奶奶跟我说过:“上牙扔在床底,下牙扔在床顶(以前农村的床是有顶的,还雕满了花纹)。来年会有一口好牙。”没有想到的是劳动人民对新牙还颇有所期待,有所祈祷,他们比我们更看重牙。
可是我终是没换上一口好牙,它们不白,大小不一,怎么也比不上之前的。我的两个门牙比较大,使得同学直用“花栗鼠”来唤我。于是我怀念童年时也会怀念一下那时的牙。奶奶的牙却是很好,就是糯米牙,整整齐齐,白白净净。老师说,勤劳的吃粗粮的妇女才能拥有。也难怪,我是吃着糖,吃着零食长大的,大概小时候的好牙也是因为好好听话才拥有的吧!这么说来,我觉得人是不能离开土地的,辛勤比享受要好,就像牙卖力地对抗粗粮,绝对好过浸泡在蜜汁里。怪不得从前的人们,看重有糯米牙的姑娘。她们勤劳能干,能给人带来福气,让日子好起来。

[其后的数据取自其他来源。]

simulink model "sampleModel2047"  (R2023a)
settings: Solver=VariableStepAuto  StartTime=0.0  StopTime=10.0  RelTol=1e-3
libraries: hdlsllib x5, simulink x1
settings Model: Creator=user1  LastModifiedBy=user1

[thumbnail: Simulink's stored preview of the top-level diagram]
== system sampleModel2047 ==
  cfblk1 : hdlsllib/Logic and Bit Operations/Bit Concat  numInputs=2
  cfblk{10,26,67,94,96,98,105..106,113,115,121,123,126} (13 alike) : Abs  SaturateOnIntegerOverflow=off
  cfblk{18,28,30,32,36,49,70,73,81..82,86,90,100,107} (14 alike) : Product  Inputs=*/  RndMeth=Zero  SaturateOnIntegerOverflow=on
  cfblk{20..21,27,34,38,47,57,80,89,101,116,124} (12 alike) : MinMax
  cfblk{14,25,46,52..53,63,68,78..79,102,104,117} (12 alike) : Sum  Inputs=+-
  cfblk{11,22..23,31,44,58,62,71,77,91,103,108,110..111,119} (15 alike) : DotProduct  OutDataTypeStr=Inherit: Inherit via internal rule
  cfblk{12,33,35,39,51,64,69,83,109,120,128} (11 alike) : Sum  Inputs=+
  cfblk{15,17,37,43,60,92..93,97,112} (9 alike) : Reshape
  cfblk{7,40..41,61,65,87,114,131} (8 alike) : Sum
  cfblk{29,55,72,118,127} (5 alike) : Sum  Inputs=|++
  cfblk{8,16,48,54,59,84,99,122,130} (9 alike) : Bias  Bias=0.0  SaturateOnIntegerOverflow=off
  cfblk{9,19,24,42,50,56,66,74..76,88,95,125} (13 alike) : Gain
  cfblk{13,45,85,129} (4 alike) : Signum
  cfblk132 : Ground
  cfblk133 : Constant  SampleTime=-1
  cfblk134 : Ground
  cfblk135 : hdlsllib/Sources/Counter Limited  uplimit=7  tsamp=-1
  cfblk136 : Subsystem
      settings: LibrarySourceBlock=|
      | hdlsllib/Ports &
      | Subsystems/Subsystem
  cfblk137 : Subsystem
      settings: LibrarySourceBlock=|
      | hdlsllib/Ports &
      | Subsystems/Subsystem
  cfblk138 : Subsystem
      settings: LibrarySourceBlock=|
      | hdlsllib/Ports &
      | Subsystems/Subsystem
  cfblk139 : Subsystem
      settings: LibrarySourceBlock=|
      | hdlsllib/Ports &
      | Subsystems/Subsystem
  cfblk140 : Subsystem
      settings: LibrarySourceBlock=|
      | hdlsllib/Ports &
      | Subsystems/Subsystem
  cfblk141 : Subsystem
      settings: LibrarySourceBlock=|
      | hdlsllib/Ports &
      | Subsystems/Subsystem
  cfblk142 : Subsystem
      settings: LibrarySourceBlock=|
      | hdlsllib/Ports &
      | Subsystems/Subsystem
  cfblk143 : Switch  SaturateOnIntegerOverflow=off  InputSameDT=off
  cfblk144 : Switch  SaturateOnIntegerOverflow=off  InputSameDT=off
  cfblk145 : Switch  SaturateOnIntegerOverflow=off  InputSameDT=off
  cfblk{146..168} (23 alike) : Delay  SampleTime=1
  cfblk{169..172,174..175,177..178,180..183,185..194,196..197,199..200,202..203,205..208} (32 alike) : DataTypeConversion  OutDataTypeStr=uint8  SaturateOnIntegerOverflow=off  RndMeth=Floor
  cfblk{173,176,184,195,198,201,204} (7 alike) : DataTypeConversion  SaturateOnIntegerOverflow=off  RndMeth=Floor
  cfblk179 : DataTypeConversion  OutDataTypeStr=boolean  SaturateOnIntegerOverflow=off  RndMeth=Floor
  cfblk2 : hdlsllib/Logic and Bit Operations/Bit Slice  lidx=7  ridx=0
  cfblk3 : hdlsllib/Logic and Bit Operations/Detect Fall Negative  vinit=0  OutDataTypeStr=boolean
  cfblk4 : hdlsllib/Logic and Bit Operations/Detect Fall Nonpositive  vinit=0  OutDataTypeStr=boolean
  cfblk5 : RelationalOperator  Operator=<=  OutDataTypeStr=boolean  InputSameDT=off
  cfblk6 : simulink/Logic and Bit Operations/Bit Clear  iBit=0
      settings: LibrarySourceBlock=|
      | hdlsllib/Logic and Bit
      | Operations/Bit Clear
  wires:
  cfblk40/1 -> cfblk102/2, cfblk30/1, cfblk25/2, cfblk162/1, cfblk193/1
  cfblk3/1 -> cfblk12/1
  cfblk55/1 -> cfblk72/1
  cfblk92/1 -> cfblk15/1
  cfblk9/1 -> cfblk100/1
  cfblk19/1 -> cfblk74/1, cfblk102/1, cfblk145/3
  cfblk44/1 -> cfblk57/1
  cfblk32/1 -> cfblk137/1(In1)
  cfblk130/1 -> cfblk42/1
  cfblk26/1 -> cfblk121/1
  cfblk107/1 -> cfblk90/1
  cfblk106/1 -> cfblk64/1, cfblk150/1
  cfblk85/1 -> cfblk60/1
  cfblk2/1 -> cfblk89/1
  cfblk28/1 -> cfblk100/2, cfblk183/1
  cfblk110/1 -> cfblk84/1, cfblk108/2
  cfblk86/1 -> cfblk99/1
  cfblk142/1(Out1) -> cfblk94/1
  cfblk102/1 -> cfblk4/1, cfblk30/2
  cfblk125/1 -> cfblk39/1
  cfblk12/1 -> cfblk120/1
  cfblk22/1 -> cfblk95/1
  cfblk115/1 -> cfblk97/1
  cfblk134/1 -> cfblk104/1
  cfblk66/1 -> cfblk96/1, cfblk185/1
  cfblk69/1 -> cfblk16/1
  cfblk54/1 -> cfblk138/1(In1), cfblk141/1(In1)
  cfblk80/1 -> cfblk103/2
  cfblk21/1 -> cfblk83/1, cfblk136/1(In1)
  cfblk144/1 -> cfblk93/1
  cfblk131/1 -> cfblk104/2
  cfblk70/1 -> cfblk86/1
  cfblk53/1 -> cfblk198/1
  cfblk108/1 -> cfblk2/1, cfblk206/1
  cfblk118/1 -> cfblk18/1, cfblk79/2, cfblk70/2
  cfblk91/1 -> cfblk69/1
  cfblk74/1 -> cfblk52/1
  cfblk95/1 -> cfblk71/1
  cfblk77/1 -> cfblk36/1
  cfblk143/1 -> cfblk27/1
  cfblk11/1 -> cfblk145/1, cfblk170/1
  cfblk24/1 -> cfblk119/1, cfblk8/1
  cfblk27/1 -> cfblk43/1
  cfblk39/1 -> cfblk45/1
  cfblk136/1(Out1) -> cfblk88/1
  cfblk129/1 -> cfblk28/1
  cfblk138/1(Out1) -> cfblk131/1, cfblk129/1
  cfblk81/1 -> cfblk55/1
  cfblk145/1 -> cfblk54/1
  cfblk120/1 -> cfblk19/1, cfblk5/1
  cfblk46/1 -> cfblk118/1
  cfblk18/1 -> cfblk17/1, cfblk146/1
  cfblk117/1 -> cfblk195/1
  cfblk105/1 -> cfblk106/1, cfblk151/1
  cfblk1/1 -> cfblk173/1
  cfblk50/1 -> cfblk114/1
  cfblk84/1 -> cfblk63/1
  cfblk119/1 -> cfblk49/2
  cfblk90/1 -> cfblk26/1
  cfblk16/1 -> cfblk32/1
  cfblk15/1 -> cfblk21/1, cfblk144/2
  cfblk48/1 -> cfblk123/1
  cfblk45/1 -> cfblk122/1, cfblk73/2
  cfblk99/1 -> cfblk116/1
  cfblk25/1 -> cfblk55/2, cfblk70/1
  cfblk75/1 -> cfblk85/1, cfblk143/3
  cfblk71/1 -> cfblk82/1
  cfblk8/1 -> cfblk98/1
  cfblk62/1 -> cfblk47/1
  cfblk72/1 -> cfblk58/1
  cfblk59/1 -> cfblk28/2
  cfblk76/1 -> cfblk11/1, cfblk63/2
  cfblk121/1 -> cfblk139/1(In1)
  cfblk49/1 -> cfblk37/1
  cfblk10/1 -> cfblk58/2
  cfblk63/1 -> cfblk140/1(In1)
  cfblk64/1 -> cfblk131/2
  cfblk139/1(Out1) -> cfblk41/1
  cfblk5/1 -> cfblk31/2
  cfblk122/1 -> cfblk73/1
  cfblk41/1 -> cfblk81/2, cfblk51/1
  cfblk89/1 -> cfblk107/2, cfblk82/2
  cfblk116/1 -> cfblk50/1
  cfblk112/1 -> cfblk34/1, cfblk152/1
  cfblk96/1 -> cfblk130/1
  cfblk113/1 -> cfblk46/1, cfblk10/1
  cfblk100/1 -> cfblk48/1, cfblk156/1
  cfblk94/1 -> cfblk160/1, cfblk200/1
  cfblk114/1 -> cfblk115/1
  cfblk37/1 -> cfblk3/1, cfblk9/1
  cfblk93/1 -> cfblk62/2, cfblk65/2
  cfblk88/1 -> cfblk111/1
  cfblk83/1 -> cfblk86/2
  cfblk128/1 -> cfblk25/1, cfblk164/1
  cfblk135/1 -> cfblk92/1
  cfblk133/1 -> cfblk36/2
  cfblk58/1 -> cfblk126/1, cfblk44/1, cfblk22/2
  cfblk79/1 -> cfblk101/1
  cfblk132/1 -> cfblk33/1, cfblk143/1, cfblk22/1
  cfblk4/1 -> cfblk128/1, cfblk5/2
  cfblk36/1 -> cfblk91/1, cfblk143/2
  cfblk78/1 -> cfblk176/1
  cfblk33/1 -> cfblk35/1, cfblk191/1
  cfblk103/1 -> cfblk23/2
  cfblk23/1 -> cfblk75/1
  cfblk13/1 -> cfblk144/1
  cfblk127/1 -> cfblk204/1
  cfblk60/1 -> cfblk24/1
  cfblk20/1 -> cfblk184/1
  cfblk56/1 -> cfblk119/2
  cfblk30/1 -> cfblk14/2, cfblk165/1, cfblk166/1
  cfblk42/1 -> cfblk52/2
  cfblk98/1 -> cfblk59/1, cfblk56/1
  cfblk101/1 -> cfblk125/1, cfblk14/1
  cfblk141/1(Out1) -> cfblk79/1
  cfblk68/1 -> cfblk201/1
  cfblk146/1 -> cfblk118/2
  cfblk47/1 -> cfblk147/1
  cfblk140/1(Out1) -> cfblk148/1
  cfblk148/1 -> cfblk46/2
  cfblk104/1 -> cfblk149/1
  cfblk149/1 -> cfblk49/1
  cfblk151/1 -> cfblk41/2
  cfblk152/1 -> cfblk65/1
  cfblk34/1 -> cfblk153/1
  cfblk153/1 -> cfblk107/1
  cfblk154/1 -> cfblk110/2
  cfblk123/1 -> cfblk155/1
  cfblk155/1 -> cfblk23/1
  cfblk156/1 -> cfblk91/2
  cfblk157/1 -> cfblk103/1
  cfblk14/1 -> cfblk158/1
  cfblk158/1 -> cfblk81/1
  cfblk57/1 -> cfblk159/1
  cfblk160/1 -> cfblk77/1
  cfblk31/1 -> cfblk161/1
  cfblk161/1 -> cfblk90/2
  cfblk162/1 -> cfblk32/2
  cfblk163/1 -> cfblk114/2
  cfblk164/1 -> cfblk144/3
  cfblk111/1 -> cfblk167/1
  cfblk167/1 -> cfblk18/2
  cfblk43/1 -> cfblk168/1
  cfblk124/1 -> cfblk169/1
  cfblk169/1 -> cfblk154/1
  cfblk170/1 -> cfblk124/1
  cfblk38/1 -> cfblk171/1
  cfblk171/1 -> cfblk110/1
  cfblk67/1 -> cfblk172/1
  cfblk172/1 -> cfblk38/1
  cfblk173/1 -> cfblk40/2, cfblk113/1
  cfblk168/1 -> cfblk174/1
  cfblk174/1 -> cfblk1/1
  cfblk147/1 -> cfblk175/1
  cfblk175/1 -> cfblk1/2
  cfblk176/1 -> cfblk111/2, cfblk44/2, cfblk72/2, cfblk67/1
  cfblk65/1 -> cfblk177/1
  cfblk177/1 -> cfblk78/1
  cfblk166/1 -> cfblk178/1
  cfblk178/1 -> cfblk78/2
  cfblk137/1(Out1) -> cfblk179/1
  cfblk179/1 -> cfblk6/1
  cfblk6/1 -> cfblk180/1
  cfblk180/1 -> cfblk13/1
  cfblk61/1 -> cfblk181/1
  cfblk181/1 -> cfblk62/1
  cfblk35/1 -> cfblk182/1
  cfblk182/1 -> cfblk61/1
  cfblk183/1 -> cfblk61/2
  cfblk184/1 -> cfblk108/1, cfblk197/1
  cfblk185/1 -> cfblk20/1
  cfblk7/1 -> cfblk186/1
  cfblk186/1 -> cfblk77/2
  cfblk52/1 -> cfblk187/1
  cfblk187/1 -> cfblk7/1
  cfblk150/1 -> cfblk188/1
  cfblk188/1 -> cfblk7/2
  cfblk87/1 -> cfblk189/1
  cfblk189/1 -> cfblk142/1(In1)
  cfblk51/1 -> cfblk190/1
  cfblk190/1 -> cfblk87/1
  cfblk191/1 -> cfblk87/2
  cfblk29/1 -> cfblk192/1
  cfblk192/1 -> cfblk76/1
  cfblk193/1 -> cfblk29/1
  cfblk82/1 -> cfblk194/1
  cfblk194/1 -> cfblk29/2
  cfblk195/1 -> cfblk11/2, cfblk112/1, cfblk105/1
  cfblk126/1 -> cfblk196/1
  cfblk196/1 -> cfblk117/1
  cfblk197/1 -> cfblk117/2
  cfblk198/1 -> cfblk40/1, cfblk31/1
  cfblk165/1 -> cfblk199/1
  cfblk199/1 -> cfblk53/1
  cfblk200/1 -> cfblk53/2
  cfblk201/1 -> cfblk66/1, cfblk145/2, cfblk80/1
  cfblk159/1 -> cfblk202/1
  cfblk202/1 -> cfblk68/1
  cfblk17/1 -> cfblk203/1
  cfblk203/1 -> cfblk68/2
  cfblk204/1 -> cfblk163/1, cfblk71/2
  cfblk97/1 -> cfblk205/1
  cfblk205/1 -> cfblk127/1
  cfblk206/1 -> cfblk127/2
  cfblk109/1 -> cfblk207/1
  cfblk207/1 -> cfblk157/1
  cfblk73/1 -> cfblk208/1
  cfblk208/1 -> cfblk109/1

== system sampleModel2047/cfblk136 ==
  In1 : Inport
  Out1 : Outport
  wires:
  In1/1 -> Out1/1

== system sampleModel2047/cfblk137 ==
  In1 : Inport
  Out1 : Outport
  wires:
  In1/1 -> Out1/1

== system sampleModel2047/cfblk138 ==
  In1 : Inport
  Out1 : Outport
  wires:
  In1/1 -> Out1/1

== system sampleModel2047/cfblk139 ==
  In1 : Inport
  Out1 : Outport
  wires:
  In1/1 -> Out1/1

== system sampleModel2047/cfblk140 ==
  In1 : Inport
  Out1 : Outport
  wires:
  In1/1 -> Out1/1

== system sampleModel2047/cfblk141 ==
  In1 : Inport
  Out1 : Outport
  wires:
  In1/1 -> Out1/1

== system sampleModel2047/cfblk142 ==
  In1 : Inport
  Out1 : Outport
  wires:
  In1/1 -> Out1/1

我又翻起书来,我开始觉得牙是很重要的。确实,书上说了“牙是人体口腔内取食和消化的重要器官”,“我们要人人重视牙的保健,增强口腔健康观念和自我口腔保护意识”。不过,我从来是听不进这些的,我重视它不是因为这几句话。而是因为前后桌讨论了牙的苦难以后,我才发现对于牙来说,最致命的,是岁月衰老。即使爱惜得再好,也终有一天会面临牙最终的离去。老人们说:”没了牙,吃不好饭,说不好话了”。这是牙与人一同衰老,是岁月的见证。
老子说,夫舌之存乎,岂非以其柔耶?齿之亡乎,岂非以其刚耶?牙齿虽坚硬,老后却掉完了,舌头虽柔软,却不会被摧毁。我们一直都觉得牙齿坚硬呀,从来也不注意它。要是失去了它,只感受的到空荡荡的牙槽,才会怅然若失吧!
“恒牙脱落就不会再长出来。”我用金色的笔小心地把它划为重点。